Já era noite. Não estava escuro, estranho. Vai ver tinha estrelas. Não. O céu estava claro e era noite, mas havia algo mais. Talvez seja uma aurora. Talvez signifique que o nosso paraíso está perto.Eu vi algo, mas o que era? Eu não me lembro, era apenas uma sombra. Alguém mexeu em mim e eu acordei. Não me lembro de ter dormido.
-Bia?
A Talita estava me cutucando na perna. Eu estava no Jipe. Quando foi que eu entrei no Jipe?
-Oi?
-Eles querem saber se você vai querer dormir em algum dos carros ou nas barracas que trouxemos, pediram pra eu te acordar.
-Tatz?
-Eu.
-Como eu vim parar no carro.
-Bom, depois que você saiu da oficina você comeu metade de um pacote de bolachas e disse que não tava se sentindo bem. Veio pro Jipe e dormiu.
-Tá, eu perdi algo.
Ela olhou para o lado.
-Me diz.
-Sabe "o" menino?
-Infelizmente sim.
Quando dizíamos "o" menino queríamos dizer o Vinicius.
-Ele tá lá fora, disse que não vai sair até falar com você.
-Tem grades em volta da loja, e um portão de ferro super gigante. Como ele entrou?
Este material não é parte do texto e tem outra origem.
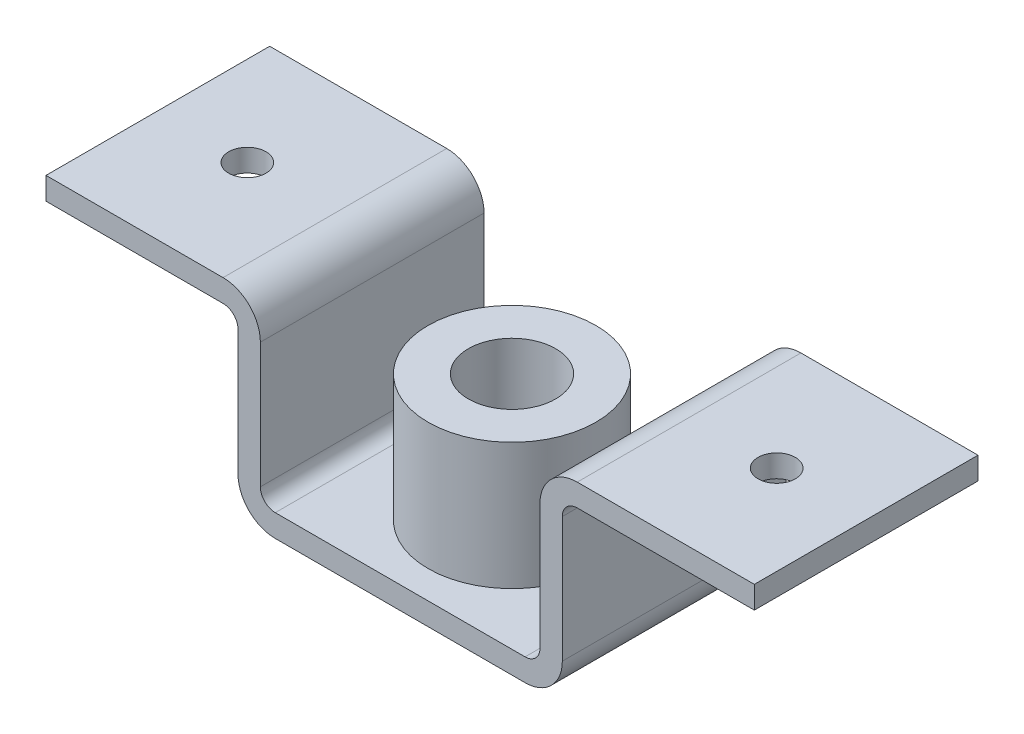
SolidWorks part; units mm, degrees
ref_plane "Front Plane" through (0, 0, 0) normal (0, 0, 1) x (1, 0, 0)
ref_plane "Top Plane" through (0, 0, 0) normal (0, 1, 0) x (1, 0, 0)
ref_plane "Right Plane" through (0, 0, 0) normal (1, 0, 0) x (0, 0, -1)
sketch "Sketch1" plane through (0, 0, 0) normal (0, 0, 1) x (1, 0, 0)
  line L0 (-187.5, 0) -> (187.5, 0)
  line L1 (-187.5, 0) -> (-187.5, 238)
  line L2 (-187.5, 238) -> (-475, 238)
  line L3 (-217.5, -30) -> (217.5, -30)
  line L4 (-217.5, -30) -> (-217.5, 208)
  line L5 (-217.5, 208) -> (-475, 208)
  line L6 (0, 0) -> (0, -30) construction
  line L7 (-187.5, 0) -> (187.5, 0) construction
  line L8 (-217.5, -30) -> (187.5, -30) construction
  line L9 (217.5, -30) -> (217.5, 208)
  line L10 (187.5, 0) -> (187.5, 238)
  line L11 (217.5, 208) -> (475, 208)
  line L12 (187.5, 238) -> (475, 238)
  line L13 (-475, 238) -> (-475, 208)
  line L14 (475, 238) -> (475, 208)
  point P15 (-187.5, 119)
  dimension "D1" = 375
  dimension "D2" = 30
  dimension "D3" = 238
  dimension "D4" = 475
  dimension "D5" = 30
extrude "Boss-Extrude1" add sketch "Sketch1" along normal mid plane 300
fillet "Fillet1" radius 20 4 edges at (217.5, 208, 0) (187.5, 0, 0) (-217.5, 208, 0) (-187.5, 0, 0)
fillet "Fillet2" radius 50 4 edges at (187.5, 238, 0) (-187.5, 238, 0) (-217.5, -30, 0) (217.5, -30, 0)
sketch "Sketch2" plane through (0, 238, 0) normal (0, 1, 0) x (1, 0, 0)
  line L0 (0, 0) -> (0, 180.8201) construction
  line L1 (-475, -150) -> (-475, 150) construction
  line L2 (-237.5, -150) -> (-475, -150) construction
  circle A0 centre (-355, 0) radius 25
  circle A2 centre (355, 0) radius 25
  dimension "D1" = 50
  dimension "D2" = 120
  dimension "D3" = 150
extrude "Cut-Extrude1" cut sketch "Sketch2" against normal through all
sketch "Sketch3" plane through (0, 0, 0) normal (0, 1, 0) x (1, 0, 0)
  circle A0 centre (0, 0) radius 112.5
  circle A1 centre (0, 0) radius 58.5
  dimension "D1" = 225
  dimension "D2" = 117
extrude "Boss-Extrude2" add sketch "Sketch3" along normal blind 170
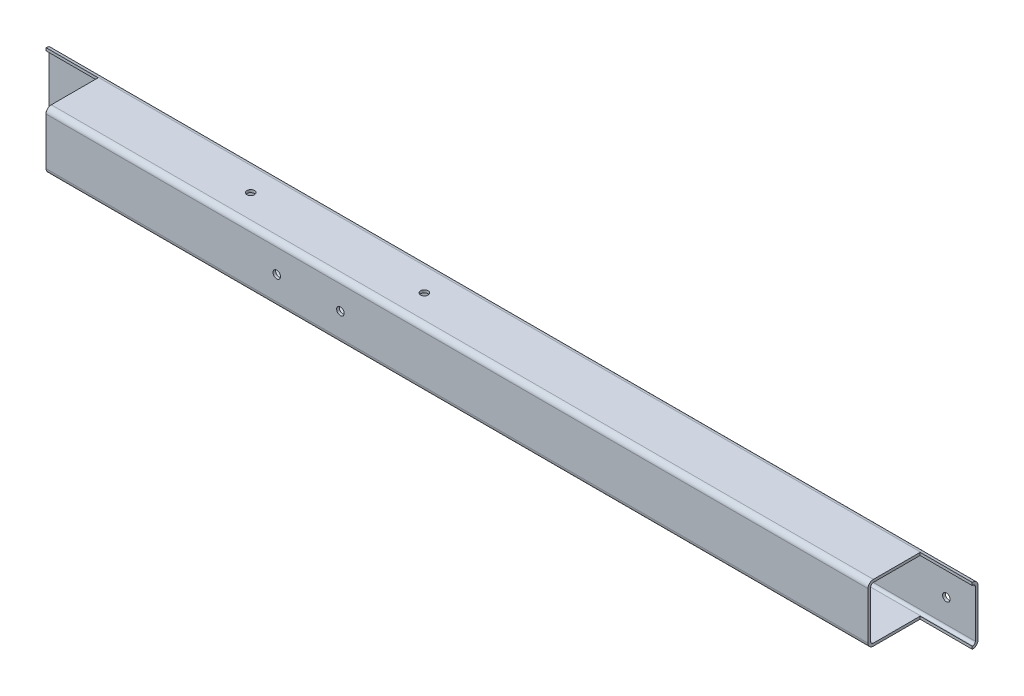
SolidWorks part; units mm, degrees
ref_plane "Front Plane" through (0, 0, 0) normal (0, 0, 1) x (1, 0, 0)
ref_plane "Top Plane" through (0, 0, 0) normal (0, 1, 0) x (1, 0, 0)
ref_plane "Right Plane" through (0, 0, 0) normal (1, 0, 0) x (0, 0, -1)
sketch "Sketch1" plane through (0, 0, 0) normal (0, 0, 1) x (1, 0, 0)
  line L0 (-400, 0) -> (400, 0)
  point P4 (0, 0)
  dimension "D1" = 800
other "Shs c450 as 50X50X2.3 SHS C450(1)"
ref_plane "Plane1" through (-400, 0, 0) normal (1, 0, 0) x (0, 1, 0)
sketch "Sketch19" plane through (-400, 0, 0) normal (1, 0, 0) x (0, 1, 0)
  line L0 (-20.4, 22.7) -> (20.4, 22.7)
  line L1 (-20.4, -25) -> (20.4, -25)
  line L2 (-25, -20.4) -> (-25, 20.4)
  line L3 (-20.4, 25) -> (20.4, 25)
  line L4 (25, -20.4) -> (25, 20.4)
  line L5 (-25, -25) -> (25, 25) construction
  line L6 (-25, 25) -> (25, -25) construction
  line L7 (22.7, -20.4) -> (22.7, 20.4)
  line L8 (-20.4, -22.7) -> (20.4, -22.7)
  line L9 (-22.7, -20.4) -> (-22.7, 20.4)
  arc A0 (-25, 20.4) -> (-20.4, 25) centre (-20.4, 20.4) cw
  arc A1 (20.4, 25) -> (25, 20.4) centre (20.4, 20.4) cw
  arc A2 (-20.4, -25) -> (-25, -20.4) centre (-20.4, -20.4) cw
  arc A3 (20.4, -25) -> (25, -20.4) centre (20.4, -20.4) ccw
  arc A4 (-22.7, 20.4) -> (-20.4, 22.7) centre (-20.4, 20.4) cw
  arc A5 (20.4, 22.7) -> (22.7, 20.4) centre (20.4, 20.4) cw
  arc A6 (20.4, -22.7) -> (22.7, -20.4) centre (20.4, -20.4) ccw
  arc A7 (-20.4, -22.7) -> (-22.7, -20.4) centre (-20.4, -20.4) cw
  point P0 (0, 0)
  point P30 (-25, 0)
  point P31 (0, 25)
  point P32 (25, 0)
  point P33 (0, -25)
  point P34 (0, 0)
  dimension "D2" = 4.6
  dimension "Thickness" = 2.3
  dimension "Width" = 50
sketch "Sketch20" plane through (0, 0, 0) normal (0, 1, 0) x (1, 0, 0)
  line L9 (-400, -25) -> (-355, -25)
  line L10 (-400, -25) -> (-400, 20)
  line L11 (-400, 20) -> (-355, 20)
  line L12 (-355, -25) -> (-355, 20)
  line L13 (400, -25) -> (355, -25)
  line L14 (400, -25) -> (400, 20)
  line L15 (400, 20) -> (355, 20)
  line L16 (355, -25) -> (355, 20)
  dimension "D1" = 45
extrude "Cut-Extrude1" cut sketch "Sketch20" against normal through all both and the other way through all
sketch "Sketch21" plane through (0, 0, -25) normal (0, 0, -1) x (-1, 0, 0)
  line L0 (-375, 0) -> (375, 0) construction
  circle A0 centre (-375, 0) radius 3.25
  circle A1 centre (375, 0) radius 3.25
  point P4 (0, 0)
  dimension "D2" = 6.5
  dimension "D1" = 750
extrude "Cut-Extrude2" cut sketch "Sketch21" against normal blind 10
sketch "Sketch22" plane through (0, 0, 25) normal (0, 0, 1) x (1, 0, 0)
  line L0 (-155.7, 0) -> (-100.7, 0) construction
  line L2 (400, -20.4) -> (400, 20.4) construction
  circle A0 centre (-155.7, 0) radius 3.25
  circle A1 centre (-100.7, 0) radius 3.25
  point P4 (-128.2, 0)
  dimension "D3" = 6.5
  dimension "D1" = 55
  dimension "D2" = 500.7
extrude "Cut-Extrude3" cut sketch "Sketch22" against normal through all
sketch "Sketch23" plane through (0, 25, 0) normal (0, 1, 0) x (1, 0, 0)
  line L0 (-203.2, 0) -> (-53.2, 0) construction
  line L1 (-152.45, -23.85) -> (-103.95, -23.85) construction
  line L2 (-152.45, -25) -> (-152.45, -22.7) construction
  line L3 (-103.95, -22.7) -> (-103.95, -25) construction
  line L4 (-128.2, -23.85) -> (-128.2, 0) construction
  circle A0 centre (-203.2, 0) radius 3.25
  circle A1 centre (-53.2, 0) radius 3.25
  point P4 (-128.2, 0)
  dimension "D2" = 6.5
  dimension "D1" = 150
extrude "Cut-Extrude4" cut sketch "Sketch23" against normal through all

-É que a gente tinha deixado os portões abertos para ver se os carros estavam funcionando. Quando eles voltaram a gente esqueceu dos portões, daí duas horas depois eles chegaram com três carros perguntando por você, estão de greve até agora lá.
Ai Deus, o que e vou fazer, se eles ficarem tem uma grande chance de algum deles apanhar ou por mim, pela Jamille ou pela Anne. Se eu mandá-los embora eles podem morrer, ou pior, nos seguir.
-Eu preciso de um tempo pra pensar, não diz nada pra ele, para o pessoal diga que eu to bem aqui no carro, eles podem se ajeitar lá.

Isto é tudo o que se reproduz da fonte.